## Task to carry out
Gather all lines in the data that hold the string "CONTINUOUS".

--------------------------------------------------

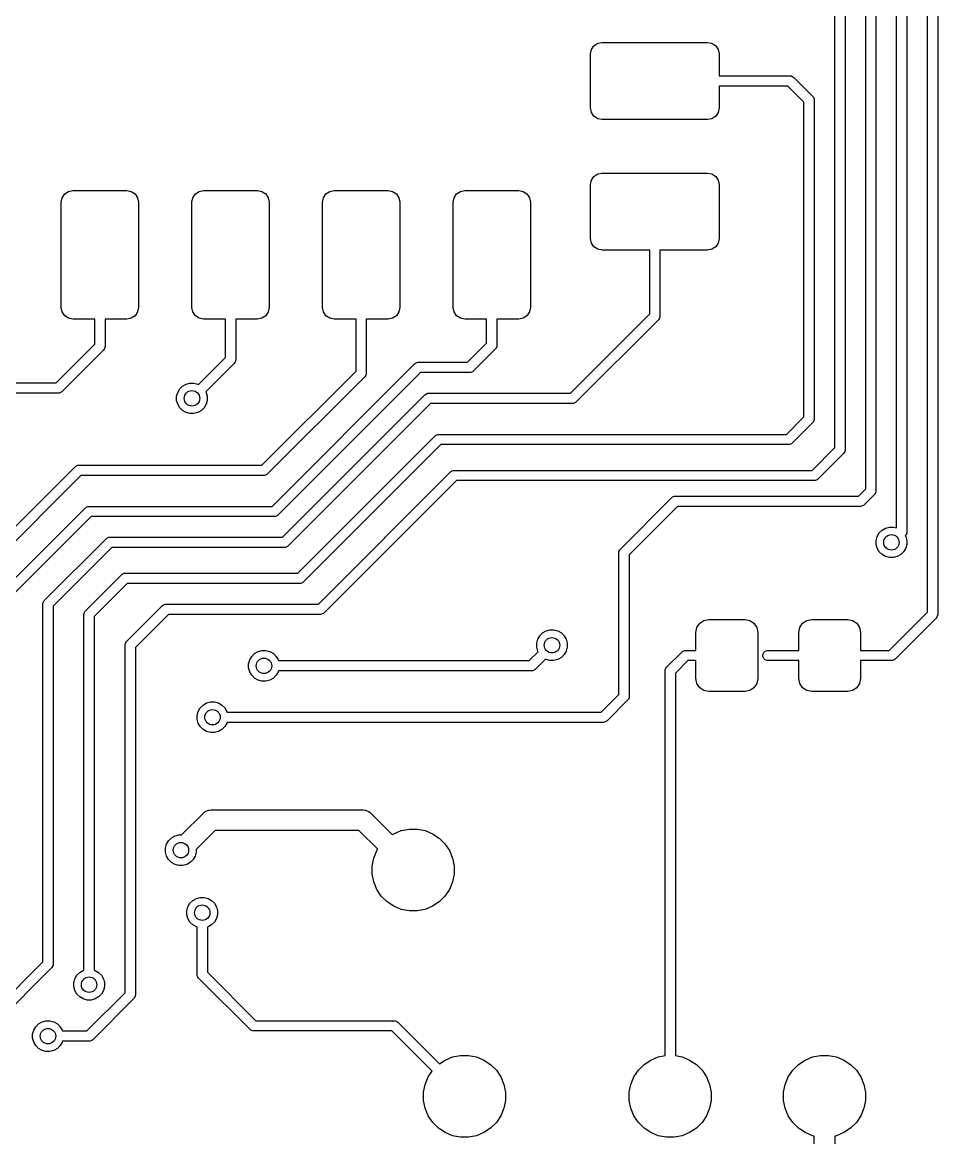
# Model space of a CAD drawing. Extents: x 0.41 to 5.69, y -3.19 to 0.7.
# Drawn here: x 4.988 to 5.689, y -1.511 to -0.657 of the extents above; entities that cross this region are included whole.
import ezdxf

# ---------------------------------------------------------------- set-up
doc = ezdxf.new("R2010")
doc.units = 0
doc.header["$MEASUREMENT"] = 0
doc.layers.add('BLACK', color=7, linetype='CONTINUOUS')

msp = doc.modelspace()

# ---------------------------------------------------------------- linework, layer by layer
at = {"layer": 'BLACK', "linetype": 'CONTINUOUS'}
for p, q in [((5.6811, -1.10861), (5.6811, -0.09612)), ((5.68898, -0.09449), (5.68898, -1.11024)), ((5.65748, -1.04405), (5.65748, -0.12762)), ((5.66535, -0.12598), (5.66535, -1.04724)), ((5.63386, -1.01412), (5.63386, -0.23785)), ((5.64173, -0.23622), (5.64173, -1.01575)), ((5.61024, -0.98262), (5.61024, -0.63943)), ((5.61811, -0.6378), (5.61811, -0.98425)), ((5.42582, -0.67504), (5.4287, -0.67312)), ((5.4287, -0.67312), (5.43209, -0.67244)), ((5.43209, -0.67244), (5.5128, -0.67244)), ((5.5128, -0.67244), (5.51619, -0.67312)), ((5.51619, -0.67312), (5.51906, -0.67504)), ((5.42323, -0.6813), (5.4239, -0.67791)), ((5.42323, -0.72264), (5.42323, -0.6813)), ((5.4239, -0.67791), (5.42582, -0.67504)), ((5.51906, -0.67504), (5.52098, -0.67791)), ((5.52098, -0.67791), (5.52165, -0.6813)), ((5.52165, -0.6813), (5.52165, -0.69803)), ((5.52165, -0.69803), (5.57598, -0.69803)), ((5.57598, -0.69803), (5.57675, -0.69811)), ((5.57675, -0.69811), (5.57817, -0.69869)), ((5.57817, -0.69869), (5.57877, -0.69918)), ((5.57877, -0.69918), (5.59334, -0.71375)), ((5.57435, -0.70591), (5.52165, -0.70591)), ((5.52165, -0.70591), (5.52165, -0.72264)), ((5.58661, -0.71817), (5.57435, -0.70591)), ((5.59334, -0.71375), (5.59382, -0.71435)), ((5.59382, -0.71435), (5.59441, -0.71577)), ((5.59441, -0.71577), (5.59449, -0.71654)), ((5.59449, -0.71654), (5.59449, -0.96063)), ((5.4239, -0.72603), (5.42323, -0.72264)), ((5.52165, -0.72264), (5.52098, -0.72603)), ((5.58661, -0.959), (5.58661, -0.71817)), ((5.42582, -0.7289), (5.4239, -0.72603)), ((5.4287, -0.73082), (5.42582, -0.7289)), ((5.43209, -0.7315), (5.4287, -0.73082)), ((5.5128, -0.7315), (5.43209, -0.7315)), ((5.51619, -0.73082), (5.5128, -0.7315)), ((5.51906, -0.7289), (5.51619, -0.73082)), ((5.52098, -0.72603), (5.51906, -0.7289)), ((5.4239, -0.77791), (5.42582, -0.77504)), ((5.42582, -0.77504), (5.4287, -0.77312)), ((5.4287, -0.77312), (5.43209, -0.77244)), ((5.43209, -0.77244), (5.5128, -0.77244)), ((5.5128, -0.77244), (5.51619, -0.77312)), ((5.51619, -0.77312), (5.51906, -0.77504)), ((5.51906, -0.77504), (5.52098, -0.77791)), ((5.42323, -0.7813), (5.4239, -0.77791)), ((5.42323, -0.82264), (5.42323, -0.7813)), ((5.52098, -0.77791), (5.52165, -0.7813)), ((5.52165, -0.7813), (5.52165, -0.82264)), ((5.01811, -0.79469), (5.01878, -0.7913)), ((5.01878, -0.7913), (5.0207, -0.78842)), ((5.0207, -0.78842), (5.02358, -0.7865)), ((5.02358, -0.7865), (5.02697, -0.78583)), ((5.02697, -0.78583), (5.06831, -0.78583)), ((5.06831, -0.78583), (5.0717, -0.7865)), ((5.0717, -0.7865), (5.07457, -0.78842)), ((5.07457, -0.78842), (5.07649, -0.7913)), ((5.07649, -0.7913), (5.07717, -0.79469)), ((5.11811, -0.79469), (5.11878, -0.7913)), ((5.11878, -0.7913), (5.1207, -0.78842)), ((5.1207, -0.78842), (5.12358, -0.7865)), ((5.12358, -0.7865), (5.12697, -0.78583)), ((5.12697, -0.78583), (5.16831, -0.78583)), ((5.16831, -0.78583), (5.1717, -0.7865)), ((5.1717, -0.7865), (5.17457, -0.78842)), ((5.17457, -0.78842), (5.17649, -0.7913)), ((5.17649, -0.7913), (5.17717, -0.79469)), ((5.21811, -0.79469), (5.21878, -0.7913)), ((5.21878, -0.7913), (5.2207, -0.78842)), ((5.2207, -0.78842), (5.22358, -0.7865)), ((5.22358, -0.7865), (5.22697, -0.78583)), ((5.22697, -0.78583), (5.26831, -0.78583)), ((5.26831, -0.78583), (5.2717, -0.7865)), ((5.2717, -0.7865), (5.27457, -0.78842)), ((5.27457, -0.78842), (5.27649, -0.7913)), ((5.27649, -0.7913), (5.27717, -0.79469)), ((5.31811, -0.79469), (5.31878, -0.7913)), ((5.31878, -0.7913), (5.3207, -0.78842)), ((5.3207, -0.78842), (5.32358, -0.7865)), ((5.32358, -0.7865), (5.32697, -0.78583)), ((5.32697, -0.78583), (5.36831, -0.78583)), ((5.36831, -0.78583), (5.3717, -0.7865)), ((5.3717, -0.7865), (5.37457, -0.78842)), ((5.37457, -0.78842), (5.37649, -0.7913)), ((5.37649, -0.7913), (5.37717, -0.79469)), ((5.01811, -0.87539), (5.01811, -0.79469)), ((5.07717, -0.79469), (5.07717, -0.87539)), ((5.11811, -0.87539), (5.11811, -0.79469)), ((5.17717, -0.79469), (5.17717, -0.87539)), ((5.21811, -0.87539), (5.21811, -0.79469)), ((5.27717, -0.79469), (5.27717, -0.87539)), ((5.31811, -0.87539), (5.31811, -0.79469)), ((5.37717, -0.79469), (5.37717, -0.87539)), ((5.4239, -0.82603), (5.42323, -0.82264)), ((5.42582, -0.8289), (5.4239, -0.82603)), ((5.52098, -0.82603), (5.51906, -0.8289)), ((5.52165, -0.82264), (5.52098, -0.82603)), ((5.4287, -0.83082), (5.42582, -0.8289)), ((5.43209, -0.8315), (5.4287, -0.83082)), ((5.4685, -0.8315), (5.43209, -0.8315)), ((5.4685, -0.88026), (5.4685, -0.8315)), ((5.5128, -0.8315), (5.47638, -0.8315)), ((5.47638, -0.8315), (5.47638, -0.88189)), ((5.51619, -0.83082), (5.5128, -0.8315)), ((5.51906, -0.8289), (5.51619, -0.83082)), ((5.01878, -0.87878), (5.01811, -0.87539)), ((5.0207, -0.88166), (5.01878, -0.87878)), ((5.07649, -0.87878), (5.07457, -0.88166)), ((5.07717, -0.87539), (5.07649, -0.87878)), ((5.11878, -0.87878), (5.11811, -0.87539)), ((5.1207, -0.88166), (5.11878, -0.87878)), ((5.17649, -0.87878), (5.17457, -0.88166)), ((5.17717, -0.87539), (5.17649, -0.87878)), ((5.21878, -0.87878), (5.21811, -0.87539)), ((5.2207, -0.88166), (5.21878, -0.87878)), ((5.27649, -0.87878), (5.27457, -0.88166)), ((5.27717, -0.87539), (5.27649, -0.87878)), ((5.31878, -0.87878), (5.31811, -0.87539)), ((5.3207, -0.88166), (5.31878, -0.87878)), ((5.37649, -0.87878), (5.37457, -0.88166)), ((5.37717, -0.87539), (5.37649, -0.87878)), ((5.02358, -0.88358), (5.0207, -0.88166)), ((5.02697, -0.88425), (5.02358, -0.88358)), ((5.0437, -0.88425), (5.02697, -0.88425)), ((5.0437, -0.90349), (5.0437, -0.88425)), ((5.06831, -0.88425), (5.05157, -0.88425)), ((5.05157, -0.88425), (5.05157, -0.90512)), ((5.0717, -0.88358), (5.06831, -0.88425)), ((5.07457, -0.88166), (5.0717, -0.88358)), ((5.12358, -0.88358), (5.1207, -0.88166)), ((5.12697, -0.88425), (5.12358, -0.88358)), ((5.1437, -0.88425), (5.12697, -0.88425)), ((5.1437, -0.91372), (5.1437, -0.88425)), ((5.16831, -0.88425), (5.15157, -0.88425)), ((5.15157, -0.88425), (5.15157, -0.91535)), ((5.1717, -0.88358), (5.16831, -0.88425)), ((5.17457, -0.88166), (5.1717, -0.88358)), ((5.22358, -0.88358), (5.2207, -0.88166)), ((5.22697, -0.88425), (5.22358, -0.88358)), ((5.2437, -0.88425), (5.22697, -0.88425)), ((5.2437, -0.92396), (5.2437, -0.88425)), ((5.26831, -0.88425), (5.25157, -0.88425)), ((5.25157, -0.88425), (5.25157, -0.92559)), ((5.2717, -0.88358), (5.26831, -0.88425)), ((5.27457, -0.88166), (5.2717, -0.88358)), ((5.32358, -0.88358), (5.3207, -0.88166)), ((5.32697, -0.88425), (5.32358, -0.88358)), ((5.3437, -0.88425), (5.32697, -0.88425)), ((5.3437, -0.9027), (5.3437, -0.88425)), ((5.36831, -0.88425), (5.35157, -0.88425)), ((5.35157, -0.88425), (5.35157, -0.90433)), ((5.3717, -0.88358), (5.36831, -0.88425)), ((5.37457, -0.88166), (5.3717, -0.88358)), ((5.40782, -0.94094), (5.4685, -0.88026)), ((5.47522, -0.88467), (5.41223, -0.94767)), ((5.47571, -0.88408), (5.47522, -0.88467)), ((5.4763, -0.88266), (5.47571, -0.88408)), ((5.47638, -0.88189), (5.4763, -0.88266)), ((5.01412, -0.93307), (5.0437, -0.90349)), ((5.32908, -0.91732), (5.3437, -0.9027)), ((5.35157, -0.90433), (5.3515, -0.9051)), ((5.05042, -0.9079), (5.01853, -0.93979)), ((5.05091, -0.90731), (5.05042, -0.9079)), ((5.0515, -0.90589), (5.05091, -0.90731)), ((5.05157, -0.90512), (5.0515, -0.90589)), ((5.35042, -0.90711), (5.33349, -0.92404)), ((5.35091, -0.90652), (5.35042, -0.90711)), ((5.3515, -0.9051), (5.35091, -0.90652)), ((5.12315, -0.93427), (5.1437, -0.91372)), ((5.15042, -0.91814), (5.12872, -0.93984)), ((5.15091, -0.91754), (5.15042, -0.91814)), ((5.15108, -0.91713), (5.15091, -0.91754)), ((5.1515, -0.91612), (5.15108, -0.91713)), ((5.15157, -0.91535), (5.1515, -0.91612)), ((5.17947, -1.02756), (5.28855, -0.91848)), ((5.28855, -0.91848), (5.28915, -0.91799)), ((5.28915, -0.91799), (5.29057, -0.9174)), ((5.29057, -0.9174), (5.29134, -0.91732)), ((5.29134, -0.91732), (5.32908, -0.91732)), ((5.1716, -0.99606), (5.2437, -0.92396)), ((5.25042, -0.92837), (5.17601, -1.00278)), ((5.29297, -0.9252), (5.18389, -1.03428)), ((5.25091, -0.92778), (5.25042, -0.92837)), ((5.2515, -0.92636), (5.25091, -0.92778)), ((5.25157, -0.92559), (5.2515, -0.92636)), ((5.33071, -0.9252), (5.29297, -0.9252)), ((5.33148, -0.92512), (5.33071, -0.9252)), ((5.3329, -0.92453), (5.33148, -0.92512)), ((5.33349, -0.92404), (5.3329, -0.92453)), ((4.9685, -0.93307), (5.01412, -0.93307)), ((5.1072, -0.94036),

--------------------------------------------------

## Reply to the exercise
doc.layers.add('BLACK', color=7, linetype='CONTINUOUS')
at = {"layer": 'BLACK', "linetype": 'CONTINUOUS'}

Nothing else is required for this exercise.